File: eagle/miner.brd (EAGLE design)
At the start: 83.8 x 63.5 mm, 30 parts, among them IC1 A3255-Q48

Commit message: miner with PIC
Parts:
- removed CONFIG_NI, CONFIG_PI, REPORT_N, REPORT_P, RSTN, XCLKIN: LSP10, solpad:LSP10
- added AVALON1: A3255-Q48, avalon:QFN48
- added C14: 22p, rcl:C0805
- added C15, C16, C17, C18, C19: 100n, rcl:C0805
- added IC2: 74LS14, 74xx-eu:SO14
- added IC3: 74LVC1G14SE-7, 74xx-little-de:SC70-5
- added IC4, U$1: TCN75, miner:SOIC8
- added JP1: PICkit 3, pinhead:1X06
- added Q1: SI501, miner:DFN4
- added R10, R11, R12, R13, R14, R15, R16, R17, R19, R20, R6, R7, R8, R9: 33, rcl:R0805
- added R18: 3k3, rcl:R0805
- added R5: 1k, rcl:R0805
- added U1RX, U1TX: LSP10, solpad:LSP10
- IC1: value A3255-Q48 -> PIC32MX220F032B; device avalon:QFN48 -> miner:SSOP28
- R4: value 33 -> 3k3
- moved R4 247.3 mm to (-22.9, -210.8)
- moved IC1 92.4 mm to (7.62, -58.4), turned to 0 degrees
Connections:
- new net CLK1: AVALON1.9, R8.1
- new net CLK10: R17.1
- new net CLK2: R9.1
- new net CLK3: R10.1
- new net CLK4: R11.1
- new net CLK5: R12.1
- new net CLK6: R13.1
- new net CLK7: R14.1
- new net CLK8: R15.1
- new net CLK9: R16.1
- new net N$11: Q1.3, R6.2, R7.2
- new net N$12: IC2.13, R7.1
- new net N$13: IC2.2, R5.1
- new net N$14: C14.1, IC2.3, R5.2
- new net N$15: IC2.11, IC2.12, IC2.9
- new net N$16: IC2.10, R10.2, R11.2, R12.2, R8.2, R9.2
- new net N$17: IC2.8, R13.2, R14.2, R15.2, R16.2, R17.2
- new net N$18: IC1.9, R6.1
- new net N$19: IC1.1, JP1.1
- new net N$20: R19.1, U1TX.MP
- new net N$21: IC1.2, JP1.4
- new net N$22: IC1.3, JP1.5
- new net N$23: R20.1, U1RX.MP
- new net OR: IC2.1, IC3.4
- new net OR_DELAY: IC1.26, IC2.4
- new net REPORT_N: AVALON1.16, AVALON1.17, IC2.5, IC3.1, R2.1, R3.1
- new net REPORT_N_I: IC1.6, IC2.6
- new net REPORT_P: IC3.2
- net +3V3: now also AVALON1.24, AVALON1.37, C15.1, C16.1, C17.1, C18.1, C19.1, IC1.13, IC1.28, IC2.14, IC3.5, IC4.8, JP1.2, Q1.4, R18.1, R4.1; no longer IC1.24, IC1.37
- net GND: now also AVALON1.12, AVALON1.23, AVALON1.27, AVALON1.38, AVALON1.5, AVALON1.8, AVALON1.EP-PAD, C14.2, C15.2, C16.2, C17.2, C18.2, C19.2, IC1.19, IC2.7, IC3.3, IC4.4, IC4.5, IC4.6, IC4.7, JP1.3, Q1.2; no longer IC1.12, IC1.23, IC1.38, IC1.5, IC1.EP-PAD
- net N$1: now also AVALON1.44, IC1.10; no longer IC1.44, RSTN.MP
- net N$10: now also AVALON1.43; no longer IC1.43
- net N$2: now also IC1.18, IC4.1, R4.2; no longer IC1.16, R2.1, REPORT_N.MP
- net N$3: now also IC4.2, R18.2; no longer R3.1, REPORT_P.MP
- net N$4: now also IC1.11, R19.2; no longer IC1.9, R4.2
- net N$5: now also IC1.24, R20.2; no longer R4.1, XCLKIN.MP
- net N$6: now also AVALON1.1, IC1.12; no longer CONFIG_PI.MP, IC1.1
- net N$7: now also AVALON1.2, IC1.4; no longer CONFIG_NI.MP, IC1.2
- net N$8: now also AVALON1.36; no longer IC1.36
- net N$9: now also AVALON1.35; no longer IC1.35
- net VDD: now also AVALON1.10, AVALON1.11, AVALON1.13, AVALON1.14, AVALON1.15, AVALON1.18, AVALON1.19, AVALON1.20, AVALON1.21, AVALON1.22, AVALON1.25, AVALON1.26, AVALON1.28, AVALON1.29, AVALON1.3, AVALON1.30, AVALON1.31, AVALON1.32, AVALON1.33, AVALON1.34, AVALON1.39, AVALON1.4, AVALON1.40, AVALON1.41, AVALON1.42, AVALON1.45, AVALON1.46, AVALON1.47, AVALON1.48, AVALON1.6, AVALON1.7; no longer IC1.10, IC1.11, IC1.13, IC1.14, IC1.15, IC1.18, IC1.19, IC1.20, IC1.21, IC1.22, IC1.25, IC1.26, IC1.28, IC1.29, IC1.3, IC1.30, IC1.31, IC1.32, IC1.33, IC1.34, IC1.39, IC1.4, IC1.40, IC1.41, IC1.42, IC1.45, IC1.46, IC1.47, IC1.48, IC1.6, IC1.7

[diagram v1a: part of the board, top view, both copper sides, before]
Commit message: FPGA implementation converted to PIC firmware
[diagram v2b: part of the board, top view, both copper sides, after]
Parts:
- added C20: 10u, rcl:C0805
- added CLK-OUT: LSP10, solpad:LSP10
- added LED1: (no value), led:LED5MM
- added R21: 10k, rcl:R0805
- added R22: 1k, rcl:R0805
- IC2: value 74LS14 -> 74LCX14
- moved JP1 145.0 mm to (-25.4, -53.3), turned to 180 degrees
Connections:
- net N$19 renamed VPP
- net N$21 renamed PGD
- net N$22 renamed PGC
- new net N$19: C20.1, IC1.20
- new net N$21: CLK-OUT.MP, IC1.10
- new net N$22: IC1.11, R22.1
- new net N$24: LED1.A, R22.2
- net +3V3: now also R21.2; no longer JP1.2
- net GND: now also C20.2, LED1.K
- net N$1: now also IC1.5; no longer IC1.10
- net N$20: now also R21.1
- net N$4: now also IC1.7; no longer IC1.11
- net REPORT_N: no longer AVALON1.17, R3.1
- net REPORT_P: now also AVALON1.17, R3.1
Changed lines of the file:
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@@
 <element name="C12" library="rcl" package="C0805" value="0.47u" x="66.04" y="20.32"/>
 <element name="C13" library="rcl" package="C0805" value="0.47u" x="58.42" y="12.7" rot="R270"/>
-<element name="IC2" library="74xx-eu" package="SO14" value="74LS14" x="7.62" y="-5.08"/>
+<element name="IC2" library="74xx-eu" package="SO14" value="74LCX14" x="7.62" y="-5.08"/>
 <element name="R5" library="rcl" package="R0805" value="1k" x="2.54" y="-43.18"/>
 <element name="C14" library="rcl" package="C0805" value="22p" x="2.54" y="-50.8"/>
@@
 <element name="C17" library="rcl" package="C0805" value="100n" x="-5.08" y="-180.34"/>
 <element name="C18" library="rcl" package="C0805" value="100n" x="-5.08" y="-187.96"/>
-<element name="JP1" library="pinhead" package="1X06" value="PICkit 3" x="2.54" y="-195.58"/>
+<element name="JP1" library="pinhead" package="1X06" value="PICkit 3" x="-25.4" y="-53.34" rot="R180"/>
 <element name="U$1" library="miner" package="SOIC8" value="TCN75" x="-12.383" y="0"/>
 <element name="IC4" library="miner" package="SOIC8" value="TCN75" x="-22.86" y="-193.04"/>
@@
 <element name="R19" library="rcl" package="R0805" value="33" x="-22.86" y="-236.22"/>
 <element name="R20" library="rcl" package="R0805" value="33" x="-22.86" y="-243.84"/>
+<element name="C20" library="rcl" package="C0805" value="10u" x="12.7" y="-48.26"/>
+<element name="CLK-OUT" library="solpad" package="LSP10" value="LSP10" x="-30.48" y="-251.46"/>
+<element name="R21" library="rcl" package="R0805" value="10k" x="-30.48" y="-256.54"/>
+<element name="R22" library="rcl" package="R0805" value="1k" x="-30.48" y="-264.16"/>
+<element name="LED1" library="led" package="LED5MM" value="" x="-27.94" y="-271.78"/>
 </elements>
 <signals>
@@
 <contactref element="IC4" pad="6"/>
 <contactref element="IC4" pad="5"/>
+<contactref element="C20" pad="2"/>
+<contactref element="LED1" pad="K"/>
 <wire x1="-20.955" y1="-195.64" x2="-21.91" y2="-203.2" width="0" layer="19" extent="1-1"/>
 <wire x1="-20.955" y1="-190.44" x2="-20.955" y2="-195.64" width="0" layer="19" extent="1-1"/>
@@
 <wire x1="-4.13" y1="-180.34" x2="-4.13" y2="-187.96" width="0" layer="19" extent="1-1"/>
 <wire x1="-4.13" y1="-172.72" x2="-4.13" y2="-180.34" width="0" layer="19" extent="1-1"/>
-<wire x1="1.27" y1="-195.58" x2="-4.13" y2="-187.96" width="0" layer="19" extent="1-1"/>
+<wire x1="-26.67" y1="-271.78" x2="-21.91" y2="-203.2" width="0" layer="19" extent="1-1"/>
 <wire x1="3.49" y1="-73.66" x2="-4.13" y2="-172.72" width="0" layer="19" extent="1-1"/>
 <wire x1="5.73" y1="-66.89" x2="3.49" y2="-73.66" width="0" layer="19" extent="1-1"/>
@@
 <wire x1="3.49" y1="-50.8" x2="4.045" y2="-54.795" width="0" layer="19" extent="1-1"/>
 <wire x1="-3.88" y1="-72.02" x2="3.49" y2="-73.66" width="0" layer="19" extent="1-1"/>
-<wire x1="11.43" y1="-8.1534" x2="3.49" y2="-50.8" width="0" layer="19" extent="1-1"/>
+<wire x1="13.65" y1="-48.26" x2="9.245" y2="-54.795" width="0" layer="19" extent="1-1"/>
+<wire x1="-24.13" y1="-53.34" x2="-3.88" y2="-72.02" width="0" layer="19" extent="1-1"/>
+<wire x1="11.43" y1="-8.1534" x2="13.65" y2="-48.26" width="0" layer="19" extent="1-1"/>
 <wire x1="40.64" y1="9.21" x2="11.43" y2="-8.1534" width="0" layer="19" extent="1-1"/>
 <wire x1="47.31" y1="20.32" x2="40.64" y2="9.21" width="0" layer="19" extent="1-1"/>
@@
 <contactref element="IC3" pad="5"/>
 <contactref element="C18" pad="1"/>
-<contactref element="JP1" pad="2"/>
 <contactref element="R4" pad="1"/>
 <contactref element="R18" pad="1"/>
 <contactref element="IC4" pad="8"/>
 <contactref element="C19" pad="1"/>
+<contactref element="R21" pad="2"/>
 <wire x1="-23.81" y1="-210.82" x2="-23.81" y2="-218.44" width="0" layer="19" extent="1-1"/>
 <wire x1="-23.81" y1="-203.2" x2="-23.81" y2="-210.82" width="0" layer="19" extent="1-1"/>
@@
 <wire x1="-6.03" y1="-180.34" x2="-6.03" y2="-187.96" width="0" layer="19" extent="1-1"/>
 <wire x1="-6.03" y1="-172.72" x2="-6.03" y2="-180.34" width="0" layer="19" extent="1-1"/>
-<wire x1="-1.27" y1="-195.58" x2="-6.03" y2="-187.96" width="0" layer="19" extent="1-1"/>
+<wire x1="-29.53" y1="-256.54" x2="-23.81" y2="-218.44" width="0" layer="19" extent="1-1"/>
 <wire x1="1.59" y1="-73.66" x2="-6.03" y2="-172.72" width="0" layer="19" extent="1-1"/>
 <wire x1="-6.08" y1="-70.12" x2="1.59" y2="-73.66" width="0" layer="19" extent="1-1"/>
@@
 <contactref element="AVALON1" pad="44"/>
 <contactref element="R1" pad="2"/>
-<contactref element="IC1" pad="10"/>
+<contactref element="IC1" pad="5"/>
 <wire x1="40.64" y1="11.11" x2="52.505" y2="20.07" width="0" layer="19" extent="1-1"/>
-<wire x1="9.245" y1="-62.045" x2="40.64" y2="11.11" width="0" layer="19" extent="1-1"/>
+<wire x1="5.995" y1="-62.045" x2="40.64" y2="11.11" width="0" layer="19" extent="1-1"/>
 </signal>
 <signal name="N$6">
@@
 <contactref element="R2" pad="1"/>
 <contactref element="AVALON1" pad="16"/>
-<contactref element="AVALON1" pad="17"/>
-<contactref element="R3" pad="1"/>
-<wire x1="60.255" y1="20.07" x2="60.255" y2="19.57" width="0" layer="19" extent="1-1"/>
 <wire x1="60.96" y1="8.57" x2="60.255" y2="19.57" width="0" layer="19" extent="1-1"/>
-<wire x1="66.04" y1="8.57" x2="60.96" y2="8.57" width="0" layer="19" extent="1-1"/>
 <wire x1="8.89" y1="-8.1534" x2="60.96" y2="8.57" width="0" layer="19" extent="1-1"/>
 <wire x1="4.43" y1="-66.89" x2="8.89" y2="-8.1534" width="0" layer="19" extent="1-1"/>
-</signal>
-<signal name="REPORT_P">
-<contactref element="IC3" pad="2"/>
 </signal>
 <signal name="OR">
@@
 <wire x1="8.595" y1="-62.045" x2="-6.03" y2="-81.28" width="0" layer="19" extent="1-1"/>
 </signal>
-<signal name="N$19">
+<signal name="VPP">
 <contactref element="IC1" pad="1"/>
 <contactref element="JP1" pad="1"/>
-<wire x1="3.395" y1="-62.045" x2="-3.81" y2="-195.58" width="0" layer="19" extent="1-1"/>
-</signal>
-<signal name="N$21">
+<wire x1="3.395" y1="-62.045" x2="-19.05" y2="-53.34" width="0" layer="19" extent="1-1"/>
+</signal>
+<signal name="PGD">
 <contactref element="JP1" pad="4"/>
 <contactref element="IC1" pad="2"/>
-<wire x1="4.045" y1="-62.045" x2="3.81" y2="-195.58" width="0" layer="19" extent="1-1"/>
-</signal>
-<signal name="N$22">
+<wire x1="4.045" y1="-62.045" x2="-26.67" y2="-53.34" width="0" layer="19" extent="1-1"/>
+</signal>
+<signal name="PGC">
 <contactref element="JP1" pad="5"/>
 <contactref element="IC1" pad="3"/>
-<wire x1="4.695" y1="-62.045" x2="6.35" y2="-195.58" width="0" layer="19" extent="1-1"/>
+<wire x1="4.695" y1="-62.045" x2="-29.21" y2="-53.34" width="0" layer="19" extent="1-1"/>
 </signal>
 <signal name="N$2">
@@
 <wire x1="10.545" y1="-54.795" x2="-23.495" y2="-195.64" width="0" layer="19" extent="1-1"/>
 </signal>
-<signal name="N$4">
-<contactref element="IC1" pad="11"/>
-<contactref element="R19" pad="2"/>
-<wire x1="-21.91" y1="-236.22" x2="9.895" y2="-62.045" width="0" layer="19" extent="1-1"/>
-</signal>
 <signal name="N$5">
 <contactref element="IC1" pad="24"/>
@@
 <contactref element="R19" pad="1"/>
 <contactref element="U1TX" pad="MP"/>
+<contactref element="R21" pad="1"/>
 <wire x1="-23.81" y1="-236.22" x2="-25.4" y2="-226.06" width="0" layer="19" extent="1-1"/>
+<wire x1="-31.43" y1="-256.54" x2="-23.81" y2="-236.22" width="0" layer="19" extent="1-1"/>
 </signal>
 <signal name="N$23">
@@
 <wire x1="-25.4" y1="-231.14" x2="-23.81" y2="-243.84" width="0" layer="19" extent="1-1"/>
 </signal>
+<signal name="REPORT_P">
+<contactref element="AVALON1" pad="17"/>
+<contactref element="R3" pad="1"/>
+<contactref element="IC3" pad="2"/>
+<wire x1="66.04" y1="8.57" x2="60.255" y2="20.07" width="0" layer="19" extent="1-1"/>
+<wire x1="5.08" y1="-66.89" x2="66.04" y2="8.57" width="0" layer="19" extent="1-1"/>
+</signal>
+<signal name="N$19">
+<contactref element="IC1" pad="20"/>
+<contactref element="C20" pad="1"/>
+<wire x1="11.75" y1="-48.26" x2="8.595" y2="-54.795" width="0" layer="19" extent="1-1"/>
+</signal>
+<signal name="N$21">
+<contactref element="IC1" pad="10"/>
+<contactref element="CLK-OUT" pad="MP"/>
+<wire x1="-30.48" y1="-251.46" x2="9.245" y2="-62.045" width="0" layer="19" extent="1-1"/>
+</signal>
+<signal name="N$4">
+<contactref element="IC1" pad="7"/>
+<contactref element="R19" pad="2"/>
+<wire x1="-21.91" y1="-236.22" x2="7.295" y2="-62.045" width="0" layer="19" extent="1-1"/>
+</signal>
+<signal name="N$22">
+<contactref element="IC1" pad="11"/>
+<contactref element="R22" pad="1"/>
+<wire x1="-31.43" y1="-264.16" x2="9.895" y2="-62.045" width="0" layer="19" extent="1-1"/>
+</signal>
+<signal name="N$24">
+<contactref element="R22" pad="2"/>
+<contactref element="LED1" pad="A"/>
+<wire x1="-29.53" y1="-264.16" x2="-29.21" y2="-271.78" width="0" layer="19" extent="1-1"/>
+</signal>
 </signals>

################

→ **PROBLEM REQUIREMENTS**:
Lines from the start of the entries through the one containing "- added AVALON1: A3255-Q48, avalon:QFN48" are to be set down again exactly, both ends included.

→ **SOLUTION**:
File: eagle/miner.brd (EAGLE design)
At the start: 83.8 x 63.5 mm, 30 parts, among them IC1 A3255-Q48

Commit message: miner with PIC
Parts:
- removed CONFIG_NI, CONFIG_PI, REPORT_N, REPORT_P, RSTN, XCLKIN: LSP10, solpad:LSP10
- added AVALON1: A3255-Q48, avalon:QFN48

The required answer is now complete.